-- Opening Marker --

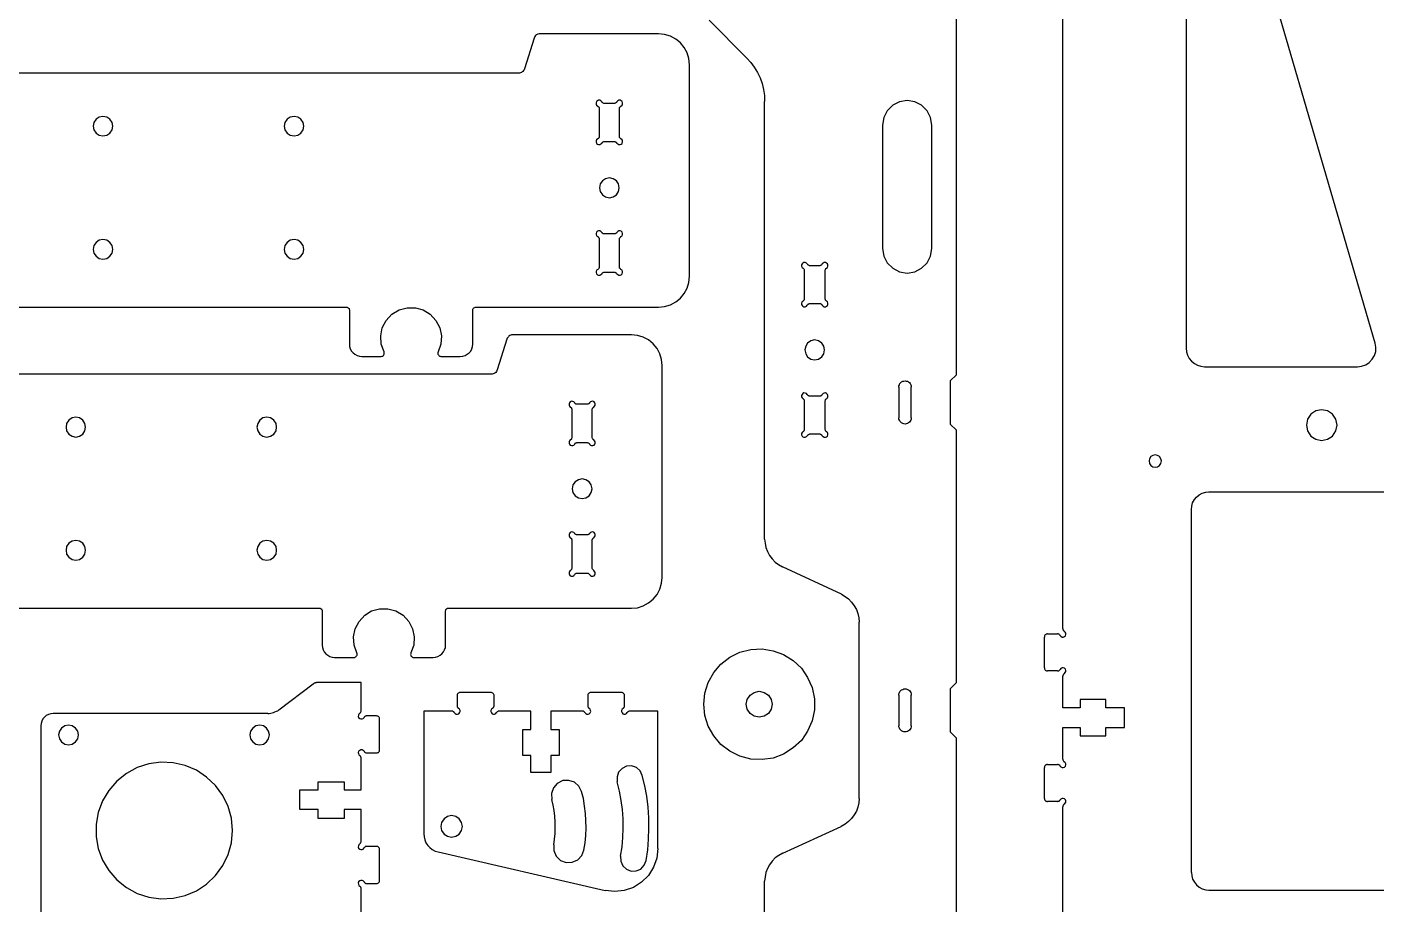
# Model space of a CAD drawing. Header units: inches. Extents: x 205 to 904, y 195 to 663.
# Drawn here: x 427 to 645.9, y 358.9 to 501.3 of the extents above; entities that cross this region are included whole.
import ezdxf

# ---------------------------------------------------------------- set-up
doc = ezdxf.new("R2010")
doc.units = ezdxf.units.IN
doc.header["$MEASUREMENT"] = 0
doc.layers.add('Capa 1', color=7, linetype='Continuous')

msp = doc.modelspace()

# ---------------------------------------------------------------- linework, layer by layer
at = {"layer": 'Capa 1', "color": 7, "lineweight": 25, "true_color": 0xffffff}
for points in [[(577.81, 444.85), (577.81, 558.34)], [(595.1, 403.65), (595.1, 534.71)], [(615.1, 534.25), (615.1, 449.16)], [(645.76, 450), (620.96, 535.09)], [(537.67, 502.43), (543.77, 496.29)], [(509.27, 499.5), (507.72, 494.52)], [(510.22, 500.2), (510.08, 500.2), (509.9, 500.17), (509.76, 500.1), (509.62, 500.03), (509.52, 499.92), (509.41, 499.78), (509.34, 499.64), (509.27, 499.5)], [(529.48, 500.2), (510.22, 500.2)], [(534.49, 495.19), (534.39, 496.18), (534.11, 497.13), (533.65, 497.98), (533.05, 498.76), (532.27, 499.36), (531.42, 499.82), (530.47, 500.1), (529.48, 500.2)], [(534.49, 460.83), (534.49, 495.19)], [(543.77, 496.29), (544.44, 495.55), (545.01, 494.77), (545.54, 493.92), (545.96, 493.04), (546.28, 492.12), (546.52, 491.17), (546.66, 490.18), (546.7, 489.23)], [(506.77, 493.82), (301.87, 493.82)], [(507.72, 494.52), (507.65, 494.38), (507.58, 494.24), (507.47, 494.1), (507.37, 494.03), (507.22, 493.92), (507.08, 493.85), (506.91, 493.82), (506.77, 493.82)], [(520.28, 489.16), (520.14, 489.3), (519.96, 489.41), (519.75, 489.41), (519.57, 489.34), (519.43, 489.2), (519.36, 488.99), (519.36, 488.77), (519.43, 488.6), (519.61, 488.46)], [(519.61, 488.46), (519.64, 488.42), (519.71, 488.39), (519.75, 488.35), (519.78, 488.28), (519.82, 488.24), (519.82, 488.17), (519.85, 488.1), (519.85, 488.03)], [(520.7, 488.91), (520.63, 488.91), (520.59, 488.91), (520.52, 488.95), (520.45, 488.99), (520.42, 489.02), (520.35, 489.06), (520.31, 489.09), (520.28, 489.16)], [(522.29, 488.91), (520.7, 488.91)], [(522.71, 489.16), (522.68, 489.09), (522.64, 489.06), (522.57, 489.02), (522.53, 488.99), (522.46, 488.95), (522.39, 488.91), (522.36, 488.91), (522.29, 488.91)], [(523.38, 488.46), (523.56, 488.6), (523.63, 488.77), (523.63, 488.99), (523.56, 489.2), (523.42, 489.34), (523.24, 489.41), (523.03, 489.41), (522.85, 489.3), (522.71, 489.16)], [(523.13, 488.03), (523.13, 488.1), (523.17, 488.17), (523.17, 488.24), (523.2, 488.28), (523.24, 488.35), (523.28, 488.39), (523.35, 488.42), (523.38, 488.46)], [(546.7, 418.18), (546.7, 489.23)], [(573.83, 485.35), (573.62, 486.59), (573.05, 487.72), (572.17, 488.6), (571.08, 489.16), (569.84, 489.37), (568.61, 489.16), (567.48, 488.6), (566.6, 487.72), (566.03, 486.59), (565.82, 485.35)], [(440.94, 485.21), (440.8, 485.81), (440.44, 486.34), (439.95, 486.69), (439.31, 486.8), (438.71, 486.69), (438.19, 486.34), (437.83, 485.81), (437.73, 485.21), (437.83, 484.61), (438.19, 484.08), (438.71, 483.73), (439.31, 483.62), (439.95, 483.73), (440.44, 484.08), (440.8, 484.61), (440.94, 485.21)], [(471.91, 485.21), (471.8, 485.81), (471.45, 486.34), (470.92, 486.69), (470.32, 486.8), (469.72, 486.69), (469.19, 486.34), (468.84, 485.81), (468.74, 485.21), (468.84, 484.61), (469.19, 484.08), (469.72, 483.73), (470.32, 483.62), (470.92, 483.73), (471.45, 484.08), (471.8, 484.61), (471.91, 485.21)], [(519.85, 488.03), (519.85, 483.59)], [(523.13, 483.59), (523.13, 488.03)], [(565.82, 485.35), (565.82, 465.35)], [(573.83, 465.35), (573.83, 485.35)], [(519.61, 483.13), (519.43, 482.99), (519.36, 482.81), (519.36, 482.64), (519.43, 482.42), (519.57, 482.28), (519.75, 482.21), (519.96, 482.21), (520.14, 482.32), (520.28, 482.46)], [(519.85, 483.59), (519.85, 483.52), (519.82, 483.45), (519.82, 483.38), (519.78, 483.31), (519.75, 483.27), (519.71, 483.23), (519.64, 483.16), (519.61, 483.13)], [(520.28, 482.46), (520.31, 482.49), (520.35, 482.56), (520.42, 482.6), (520.45, 482.64), (520.52, 482.67), (520.59, 482.71), (520.63, 482.71), (520.7, 482.71)], [(520.7, 482.71), (522.29, 482.71)], [(522.29, 482.71), (522.36, 482.71), (522.39, 482.71), (522.46, 482.67), (522.53, 482.64), (522.57, 482.6), (522.64, 482.56), (522.68, 482.49), (522.71, 482.46)], [(522.71, 482.46), (522.85, 482.32), (523.03, 482.21), (523.24, 482.21), (523.42, 482.28), (523.56, 482.42), (523.63, 482.64), (523.63, 482.81), (523.56, 482.99), (523.38, 483.13)], [(523.38, 483.13), (523.35, 483.16), (523.28, 483.23), (523.24, 483.27), (523.2, 483.31), (523.17, 483.38), (523.17, 483.45), (523.13, 483.52), (523.13, 483.59)], [(523.1, 475.19), (522.96, 475.83), (522.64, 476.32), (522.11, 476.67), (521.51, 476.81), (520.88, 476.67), (520.38, 476.32), (520.03, 475.83), (519.89, 475.19), (520.03, 474.59), (520.38, 474.06), (520.88, 473.75), (521.51, 473.6), (522.11, 473.75), (522.64, 474.06), (522.96, 474.59), (523.1, 475.19)], [(440.94, 465.21), (440.8, 465.81), (440.44, 466.34), (439.95, 466.69), (439.31, 466.8), (438.71, 466.69), (438.19, 466.34), (437.83, 465.81), (437.73, 465.21), (437.83, 464.61), (438.19, 464.08), (438.71, 463.73), (439.31, 463.62), (439.95, 463.73), (440.44, 464.08), (440.8, 464.61), (440.94, 465.21)], [(471.91, 465.21), (471.8, 465.81), (471.45, 466.34), (470.92, 466.69), (470.32, 466.8), (469.72, 466.69), (469.19, 466.34), (468.84, 465.81), (468.74, 465.21), (468.84, 464.61), (469.19, 464.08), (469.72, 463.73), (470.32, 463.62), (470.92, 463.73), (471.45, 464.08), (471.8, 464.61), (471.91, 465.21)], [(520.28, 467.96), (520.14, 468.1), (519.96, 468.21), (519.75, 468.21), (519.57, 468.14), (519.43, 468), (519.36, 467.78), (519.36, 467.61), (519.43, 467.4), (519.61, 467.29)], [(519.61, 467.29), (519.64, 467.25), (519.71, 467.18), (519.75, 467.15), (519.78, 467.08), (519.82, 467.04), (519.82, 466.97), (519.85, 466.9), (519.85, 466.83)], [(519.85, 466.83), (519.85, 462.39)], [(520.7, 467.71), (520.63, 467.71), (520.59, 467.71), (520.52, 467.75), (520.45, 467.78), (520.42, 467.82), (520.35, 467.85), (520.31, 467.89), (520.28, 467.96)], [(522.29, 467.71), (520.7, 467.71)], [(522.71, 467.96), (522.68, 467.89), (522.64, 467.85), (522.57, 467.82), (522.53, 467.78), (522.46, 467.75), (522.39, 467.71), (522.36, 467.71), (522.29, 467.71)], [(523.38, 467.29), (523.56, 467.4), (523.63, 467.61), (523.63, 467.78), (523.56, 468), (523.42, 468.14), (523.24, 468.21), (523.03, 468.21), (522.85, 468.1), (522.71, 467.96)], [(523.13, 466.83), (523.13, 466.9), (523.17, 466.97), (523.17, 467.04), (523.2, 467.08), (523.24, 467.15), (523.28, 467.18), (523.35, 467.25), (523.38, 467.29)], [(523.13, 462.39), (523.13, 466.83)], [(565.82, 465.35), (566.03, 464.11), (566.6, 463.02), (567.48, 462.14), (568.61, 461.54), (569.84, 461.36), (571.08, 461.54), (572.17, 462.14), (573.05, 463.02), (573.62, 464.11), (573.83, 465.35)], [(519.85, 462.39), (519.85, 462.32), (519.82, 462.24), (519.82, 462.17), (519.78, 462.14), (519.75, 462.07), (519.71, 462.03), (519.64, 461.96), (519.61, 461.93)], [(523.38, 461.93), (523.35, 461.96), (523.28, 462.03), (523.24, 462.07), (523.2, 462.14), (523.17, 462.17), (523.17, 462.24), (523.13, 462.32), (523.13, 462.39)], [(553.61, 462.84), (553.47, 462.99), (553.3, 463.06), (553.08, 463.09), (552.91, 462.99), (552.77, 462.84), (552.7, 462.67), (552.7, 462.46), (552.77, 462.28), (552.94, 462.14)], [(553.19, 461.72), (553.19, 461.79), (553.16, 461.86), (553.16, 461.89), (553.12, 461.96), (553.08, 462.03), (553.05, 462.07), (552.98, 462.1), (552.94, 462.14)], [(553.61, 462.84), (553.65, 462.77), (553.68, 462.74), (553.76, 462.7), (553.79, 462.67), (553.86, 462.63), (553.93, 462.6), (553.97, 462.6), (554.04, 462.6)], [(554.04, 462.6), (555.62, 462.6)], [(555.62, 462.6), (555.7, 462.6), (555.73, 462.6), (555.8, 462.63), (555.87, 462.67), (555.91, 462.7), (555.98, 462.74), (556.01, 462.77), (556.05, 462.84)], [(556.72, 462.14), (556.89, 462.28), (556.97, 462.46), (556.97, 462.67), (556.89, 462.84), (556.75, 462.99), (556.58, 463.09), (556.37, 463.06), (556.19, 462.99), (556.05, 462.84)], [(556.72, 462.14), (556.68, 462.1), (556.61, 462.07), (556.58, 462.03), (556.54, 461.96), (556.51, 461.89), (556.51, 461.86), (556.47, 461.79), (556.47, 461.72)], [(519.61, 461.93), (519.43, 461.82), (519.36, 461.61), (519.36, 461.43), (519.43, 461.22), (519.57, 461.08), (519.75, 461.01), (519.96, 461.01), (520.14, 461.12), (520.28, 461.26)], [(520.28, 461.26), (520.31, 461.33), (520.35, 461.36), (520.42, 461.4), (520.45, 461.43), (520.52, 461.47), (520.59, 461.5), (520.63, 461.5), (520.7, 461.5)], [(520.7, 461.5), (522.29, 461.5)], [(522.29, 461.5), (522.36, 461.5), (522.39, 461.5), (522.46, 461.47), (522.53, 461.43), (522.57, 461.4), (522.64, 461.36), (522.68, 461.33), (522.71, 461.26)], [(522.71, 461.26), (522.85, 461.12), (523.03, 461.01), (523.24, 461.01), (523.42, 461.08), (523.56, 461.22), (523.63, 461.43), (523.63, 461.61), (523.56, 461.82), (523.38, 461.93)], [(529.48, 455.82), (530.47, 455.93), (531.42, 456.21), (532.27, 456.67), (533.05, 457.27), (533.65, 458.05), (534.11, 458.89), (534.39, 459.85), (534.49, 460.83)], [(553.19, 457.24), (553.19, 461.72)], [(556.47, 461.72), (556.47, 457.24)], [(329.81, 455.82), (478.83, 455.82)], [(478.83, 455.82), (478.93, 455.82), (479, 455.79), (479.11, 455.72), (479.18, 455.68), (479.25, 455.61), (479.28, 455.51), (479.32, 455.4), (479.32, 455.33)], [(484.93, 448.56), (484.47, 449.83), (484.4, 451.17), (484.65, 452.47), (485.28, 453.67), (486.2, 454.66), (487.36, 455.37), (488.67, 455.72), (490.01, 455.72), (491.28, 455.37), (492.44, 454.66), (493.36, 453.67), (493.99, 452.47), (494.28, 451.17), (494.17, 449.83), (493.71, 448.56)], [(499.32, 455.33), (499.32, 455.4), (499.36, 455.51), (499.39, 455.61), (499.46, 455.68), (499.53, 455.72), (499.64, 455.79), (499.71, 455.82), (499.82, 455.82)], [(499.82, 455.82), (529.48, 455.82)], [(552.94, 456.81), (552.77, 456.67), (552.7, 456.49), (552.7, 456.28), (552.77, 456.11), (552.91, 455.97), (553.08, 455.89), (553.3, 455.89), (553.47, 455.97), (553.61, 456.14)], [(552.94, 456.81), (552.98, 456.85), (553.05, 456.88), (553.08, 456.95), (553.12, 456.99), (553.16, 457.06), (553.16, 457.13), (553.19, 457.2), (553.19, 457.24)], [(554.04, 456.39), (553.97, 456.39), (553.93, 456.35), (553.86, 456.35), (553.79, 456.32), (553.76, 456.28), (553.68, 456.25), (553.65, 456.18), (553.61, 456.14)], [(555.62, 456.39), (554.04, 456.39)], [(556.05, 456.14), (556.01, 456.18), (555.98, 456.25), (555.91, 456.28), (555.87, 456.32), (555.8, 456.35), (555.73, 456.35), (555.7, 456.39), (555.62, 456.39)], [(556.05, 456.14), (556.19, 455.97), (556.37, 455.89), (556.58, 455.89), (556.75, 455.97), (556.89, 456.11), (556.97, 456.28), (556.97, 456.49), (556.89, 456.67), (556.72, 456.81)], [(556.47, 457.24), (556.47, 457.2), (556.51, 457.13), (556.51, 457.06), (556.54, 456.99), (556.58, 456.95), (556.61, 456.88), (556.68, 456.85), (556.72, 456.81)], [(479.32, 455.33), (479.32, 449.83)], [(499.32, 449.83), (499.32, 455.33)], [(505.81, 451.34), (505.64, 451.34), (505.5, 451.27), (505.35, 451.24), (505.21, 451.13), (505.11, 451.03), (505, 450.92), (504.93, 450.78), (504.86, 450.64)], [(525.07, 451.34), (505.81, 451.34)], [(530.08, 446.33), (529.98, 447.32), (529.7, 448.24), (529.24, 449.12), (528.6, 449.86), (527.86, 450.5), (526.98, 450.96), (526.06, 451.24), (525.07, 451.34)], [(479.32, 449.83), (479.35, 449.44), (479.46, 449.05), (479.67, 448.7), (479.92, 448.42), (480.2, 448.17), (480.55, 447.96), (480.94, 447.85), (481.33, 447.82)], [(497.31, 447.82), (497.7, 447.85), (498.09, 447.96), (498.44, 448.17), (498.72, 448.42), (499, 448.7), (499.18, 449.05), (499.29, 449.44), (499.32, 449.83)], [(504.86, 450.64), (503.31, 445.66)], [(556.44, 448.87), (556.3, 449.51), (555.98, 450), (555.45, 450.36), (554.81, 450.5), (554.21, 450.36), (553.68, 450), (553.37, 449.51), (553.23, 448.87), (553.37, 448.27), (553.68, 447.75), (554.21, 447.39), (554.81, 447.29), (555.45, 447.39), (555.98, 447.75), (556.3, 448.27), (556.44, 448.87)], [(615.1, 449.16), (615.14, 448.59), (615.32, 448.03), (615.6, 447.5), (615.99, 447.04), (616.44, 446.69), (616.94, 446.4), (617.5, 446.23), (618.1, 446.16)], [(642.9, 446.16), (643.57, 446.26), (644.24, 446.48), (644.81, 446.86), (645.3, 447.36), (645.65, 447.96), (645.87, 448.63), (645.9, 449.33), (645.76, 450)], [(481.33, 447.82), (484.47, 447.82)], [(484.47, 447.82), (484.61, 447.85), (484.72, 447.89), (484.82, 447.96), (484.89, 448.06), (484.96, 448.17), (484.96, 448.31), (484.96, 448.42), (484.93, 448.56)], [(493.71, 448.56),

-- Closing Marker --

> HOW TO COMPLETE THIS TASK: All lines holding the word "Capa" must be found in the listing and copied.

> RESPONSE BELOW:
doc.layers.add('Capa 1', color=7, linetype='Continuous')
at = {"layer": 'Capa 1', "color": 7, "lineweight": 25, "true_color": 0xffffff}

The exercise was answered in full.